Excerpts from a dataset:
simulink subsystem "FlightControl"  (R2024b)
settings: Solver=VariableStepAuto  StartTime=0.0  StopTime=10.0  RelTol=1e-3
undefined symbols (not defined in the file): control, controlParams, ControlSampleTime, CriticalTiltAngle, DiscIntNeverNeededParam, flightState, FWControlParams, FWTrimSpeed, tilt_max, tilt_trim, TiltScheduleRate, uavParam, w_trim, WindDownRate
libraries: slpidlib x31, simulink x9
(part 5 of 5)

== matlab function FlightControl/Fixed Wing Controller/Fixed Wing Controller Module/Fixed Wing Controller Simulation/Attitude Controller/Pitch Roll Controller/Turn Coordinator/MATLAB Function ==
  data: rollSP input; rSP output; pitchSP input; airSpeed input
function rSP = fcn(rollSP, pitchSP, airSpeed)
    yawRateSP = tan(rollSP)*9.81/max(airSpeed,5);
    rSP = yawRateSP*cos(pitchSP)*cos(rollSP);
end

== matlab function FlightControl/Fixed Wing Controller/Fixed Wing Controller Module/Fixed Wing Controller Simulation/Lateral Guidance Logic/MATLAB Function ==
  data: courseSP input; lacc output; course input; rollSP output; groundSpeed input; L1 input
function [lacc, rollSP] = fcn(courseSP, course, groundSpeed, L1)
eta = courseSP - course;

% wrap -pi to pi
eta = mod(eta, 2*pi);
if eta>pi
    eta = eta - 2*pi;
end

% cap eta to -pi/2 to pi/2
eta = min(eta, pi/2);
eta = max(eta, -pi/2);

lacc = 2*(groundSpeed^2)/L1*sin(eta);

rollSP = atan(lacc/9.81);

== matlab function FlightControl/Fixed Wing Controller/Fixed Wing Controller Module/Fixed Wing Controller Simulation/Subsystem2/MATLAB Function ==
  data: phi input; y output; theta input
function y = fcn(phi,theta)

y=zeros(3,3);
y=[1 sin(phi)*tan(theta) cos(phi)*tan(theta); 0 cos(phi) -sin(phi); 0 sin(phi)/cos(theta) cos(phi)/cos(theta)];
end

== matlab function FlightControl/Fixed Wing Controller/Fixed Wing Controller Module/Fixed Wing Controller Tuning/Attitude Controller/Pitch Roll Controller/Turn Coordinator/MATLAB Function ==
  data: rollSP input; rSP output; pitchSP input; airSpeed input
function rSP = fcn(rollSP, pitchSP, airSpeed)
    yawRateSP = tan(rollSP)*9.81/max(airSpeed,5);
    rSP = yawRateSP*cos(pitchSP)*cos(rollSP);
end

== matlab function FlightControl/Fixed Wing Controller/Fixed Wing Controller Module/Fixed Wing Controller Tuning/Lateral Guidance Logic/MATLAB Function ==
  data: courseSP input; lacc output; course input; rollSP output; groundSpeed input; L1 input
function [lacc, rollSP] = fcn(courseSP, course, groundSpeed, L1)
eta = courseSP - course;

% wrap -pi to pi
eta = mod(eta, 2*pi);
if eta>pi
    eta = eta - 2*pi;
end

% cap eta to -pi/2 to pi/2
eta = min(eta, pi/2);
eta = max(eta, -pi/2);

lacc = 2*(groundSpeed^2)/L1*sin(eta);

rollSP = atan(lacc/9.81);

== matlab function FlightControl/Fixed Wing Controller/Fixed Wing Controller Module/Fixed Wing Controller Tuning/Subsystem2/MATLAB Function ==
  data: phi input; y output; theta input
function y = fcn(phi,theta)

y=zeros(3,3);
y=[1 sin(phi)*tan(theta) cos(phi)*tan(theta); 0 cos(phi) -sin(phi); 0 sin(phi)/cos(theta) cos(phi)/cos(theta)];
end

Directions for this task:
Reproduce every single entry above exactly.

Solution to the problem:
simulink subsystem "FlightControl"  (R2024b)
settings: Solver=VariableStepAuto  StartTime=0.0  StopTime=10.0  RelTol=1e-3
undefined symbols (not defined in the file): control, controlParams, ControlSampleTime, CriticalTiltAngle, DiscIntNeverNeededParam, flightState, FWControlParams, FWTrimSpeed, tilt_max, tilt_trim, TiltScheduleRate, uavParam, w_trim, WindDownRate
libraries: slpidlib x31, simulink x9
(part 5 of 5)

== matlab function FlightControl/Fixed Wing Controller/Fixed Wing Controller Module/Fixed Wing Controller Simulation/Attitude Controller/Pitch Roll Controller/Turn Coordinator/MATLAB Function ==
  data: rollSP input; rSP output; pitchSP input; airSpeed input
function rSP = fcn(rollSP, pitchSP, airSpeed)
    yawRateSP = tan(rollSP)*9.81/max(airSpeed,5);
    rSP = yawRateSP*cos(pitchSP)*cos(rollSP);
end

== matlab function FlightControl/Fixed Wing Controller/Fixed Wing Controller Module/Fixed Wing Controller Simulation/Lateral Guidance Logic/MATLAB Function ==
  data: courseSP input; lacc output; course input; rollSP output; groundSpeed input; L1 input
function [lacc, rollSP] = fcn(courseSP, course, groundSpeed, L1)
eta = courseSP - course;

% wrap -pi to pi
eta = mod(eta, 2*pi);
if eta>pi
    eta = eta - 2*pi;
end

% cap eta to -pi/2 to pi/2
eta = min(eta, pi/2);
eta = max(eta, -pi/2);

lacc = 2*(groundSpeed^2)/L1*sin(eta);

rollSP = atan(lacc/9.81);

== matlab function FlightControl/Fixed Wing Controller/Fixed Wing Controller Module/Fixed Wing Controller Simulation/Subsystem2/MATLAB Function ==
  data: phi input; y output; theta input
function y = fcn(phi,theta)

y=zeros(3,3);
y=[1 sin(phi)*tan(theta) cos(phi)*tan(theta); 0 cos(phi) -sin(phi); 0 sin(phi)/cos(theta) cos(phi)/cos(theta)];
end

== matlab function FlightControl/Fixed Wing Controller/Fixed Wing Controller Module/Fixed Wing Controller Tuning/Attitude Controller/Pitch Roll Controller/Turn Coordinator/MATLAB Function ==
  data: rollSP input; rSP output; pitchSP input; airSpeed input
function rSP = fcn(rollSP, pitchSP, airSpeed)
    yawRateSP = tan(rollSP)*9.81/max(airSpeed,5);
    rSP = yawRateSP*cos(pitchSP)*cos(rollSP);
end

== matlab function FlightControl/Fixed Wing Controller/Fixed Wing Controller Module/Fixed Wing Controller Tuning/Lateral Guidance Logic/MATLAB Function ==
  data: courseSP input; lacc output; course input; rollSP output; groundSpeed input; L1 input
function [lacc, rollSP] = fcn(courseSP, course, groundSpeed, L1)
eta = courseSP - course;

% wrap -pi to pi
eta = mod(eta, 2*pi);
if eta>pi
    eta = eta - 2*pi;
end

% cap eta to -pi/2 to pi/2
eta = min(eta, pi/2);
eta = max(eta, -pi/2);

lacc = 2*(groundSpeed^2)/L1*sin(eta);

rollSP = atan(lacc/9.81);

== matlab function FlightControl/Fixed Wing Controller/Fixed Wing Controller Module/Fixed Wing Controller Tuning/Subsystem2/MATLAB Function ==
  data: phi input; y output; theta input
function y = fcn(phi,theta)

y=zeros(3,3);
y=[1 sin(phi)*tan(theta) cos(phi)*tan(theta); 0 cos(phi) -sin(phi); 0 sin(phi)/cos(theta) cos(phi)/cos(theta)];
end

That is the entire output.